■ Description of the task ■
Take the lines of the data below from the very first through the line containing "Flexible-joint robot 1 : Subsystem" and output them exactly, pictures excluded.

BEGIN Provided records

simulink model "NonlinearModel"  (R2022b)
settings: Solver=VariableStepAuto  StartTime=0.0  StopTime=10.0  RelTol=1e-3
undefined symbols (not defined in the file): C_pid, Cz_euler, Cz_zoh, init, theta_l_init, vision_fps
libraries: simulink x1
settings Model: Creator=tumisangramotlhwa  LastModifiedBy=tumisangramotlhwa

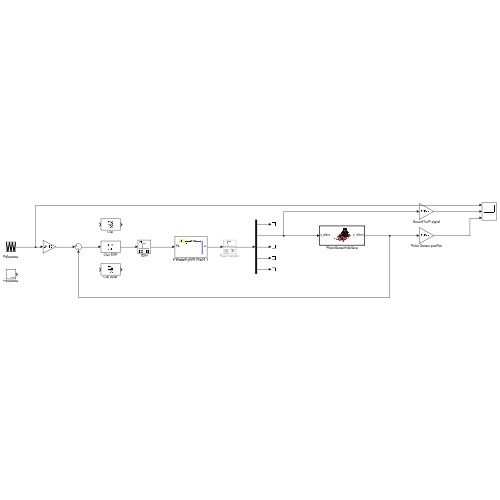
[thumbnail: Simulink's stored preview of the top-level diagram]
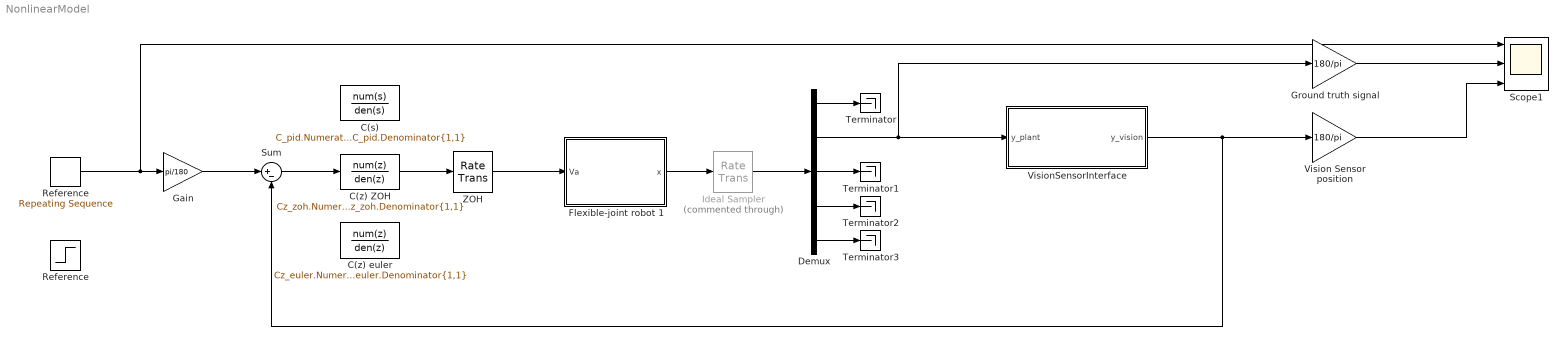
== system NonlinearModel ==
  " Reference" : simulink/Sources/Repeating Sequence  rep_seq_t=[0 2 4]  rep_seq_y=[45 15 45]
  C(s) : TransferFcn  Numerator=C_pid.Numerator{1,1}  Denominator=C_pid.Denominator{1,1}
  C(z) ZOH : DiscreteTransferFcn  Numerator=Cz_zoh.Numerator{1,1}  Denominator=Cz_zoh.Denominator{1,1}
  C(z) euler : DiscreteTransferFcn  Numerator=Cz_euler.Numerator{1,1}  Denominator=Cz_euler.Denominator{1,1}
  Demux : Demux  Outputs=5
  Flexible-joint robot 1 : Subsystem
      mask Display: image('$imagefile'); % Use "Edit Image" on toolstrip to change.
  Gain : Gain  Gain=pi/180
  Ground truth signal : Gain  Gain=180/pi
  Ideal Sampler : RateTransition  Commented=through  OutPortSampleTime=Ts
  Reference : Step  Time=5  Before=45  After=15  SampleTime=0
  Scope1 : Scope  NumInputPorts=3
  Sum : Sum  Inputs=|+-
  Terminator{,1..3} (4 alike) : Terminator
  Vision Sensor position : Gain  Gain=180/pi
  VisionSensorInterface : Subsystem  TreatAsAtomicUnit=on
      mask Display: image('$imagefile'); % Use "Edit Image" on toolstrip to change.
  ZOH : RateTransition
  wires:
  " Reference"/1 -> Scope1/1, Gain/1
  Gain/1 -> Sum/1
  ZOH/1 -> Flexible-joint robot 1/1(Va)
  Sum/1 -> C(z) ZOH/1
  C(z) ZOH/1 -> ZOH/1
  Demux/2 -> Ground truth signal/1, VisionSensorInterface/1(y_plant)
  Demux/5 -> Terminator3/1
  Demux/4 -> Terminator2/1
  Demux/3 -> Terminator1/1
  Demux/1 -> Terminator/1
  VisionSensorInterface/1(y_vision) -> Vision Sensor position/1, Sum/2
  Flexible-joint robot 1/1(x) -> Ideal Sampler/1
  Ground truth signal/1 -> Scope1/2
  Vision Sensor position/1 -> Scope1/3
  Ideal Sampler/1 -> Demux/1

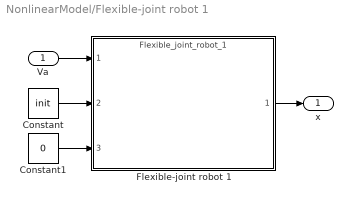
== system NonlinearModel/Flexible-joint robot 1 ==
  Va : Inport
  Constant : Constant  Value=init
  Constant1 : Constant  Value=0
  Flexible-joint robot 1 : ModelReference  ModelNameDialog=Flexible_joint_robot_1  ModelReferenceVersion=1.63  CopyOfModelProtected=on
  x : Outport
  wires:
  Constant/1 -> Flexible-joint robot 1/2
  Constant1/1 -> Flexible-joint robot 1/3
  Flexible-joint robot 1/1 -> x/1
  Va/1 -> Flexible-joint robot 1/1

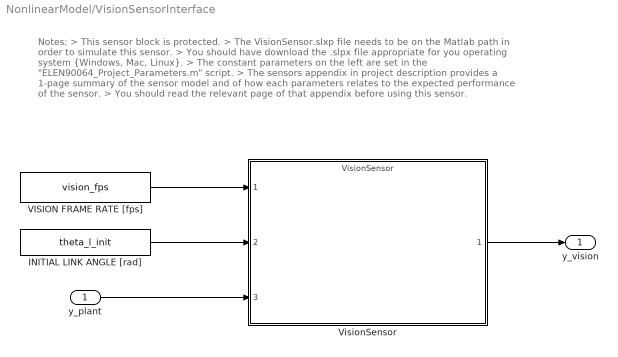
== system NonlinearModel/VisionSensorInterface ==
  note: Notes:
      | > This sensor block is protected.
      | > The VisionSensor.slxp file needs to be on the Matlab path in order to simulate this sensor.
      | > You should have download the .slpx file appropriate for you operating system {Windows, Mac, Linux}.
      | > The constant parameters on the left are set in the "ELEN90064_Project_Parameters.m" script.
      | > The sensors appendix in project description provides a 1-page summary of the sensor model and of how each parameters relates to the expected performance of the sensor.
      | > You should read the relevant page of that appendix before using this sensor.
  y_plant : Inport
  INITIAL LINK ANGLE [rad] : Constant  Value=theta_l_init
  VISION FRAME RATE [fps] : Constant  Value=vision_fps
  VisionSensor : ModelReference  ModelNameDialog=VisionSensor.slxp  ModelReferenceVersion=1.19  CopyOfModelProtected=on
  y_vision : Outport
  wires:
  VISION FRAME RATE [fps]/1 -> VisionSensor/1
  INITIAL LINK ANGLE [rad]/1 -> VisionSensor/2
  y_plant/1 -> VisionSensor/3
  VisionSensor/1 -> y_vision/1

END Provided records

■ Answer below ■
simulink model "NonlinearModel"  (R2022b)
settings: Solver=VariableStepAuto  StartTime=0.0  StopTime=10.0  RelTol=1e-3
undefined symbols (not defined in the file): C_pid, Cz_euler, Cz_zoh, init, theta_l_init, vision_fps
libraries: simulink x1
settings Model: Creator=tumisangramotlhwa  LastModifiedBy=tumisangramotlhwa

[thumbnail: Simulink's stored preview of the top-level diagram]
== system NonlinearModel ==
  " Reference" : simulink/Sources/Repeating Sequence  rep_seq_t=[0 2 4]  rep_seq_y=[45 15 45]
  C(s) : TransferFcn  Numerator=C_pid.Numerator{1,1}  Denominator=C_pid.Denominator{1,1}
  C(z) ZOH : DiscreteTransferFcn  Numerator=Cz_zoh.Numerator{1,1}  Denominator=Cz_zoh.Denominator{1,1}
  C(z) euler : DiscreteTransferFcn  Numerator=Cz_euler.Numerator{1,1}  Denominator=Cz_euler.Denominator{1,1}
  Demux : Demux  Outputs=5
  Flexible-joint robot 1 : Subsystem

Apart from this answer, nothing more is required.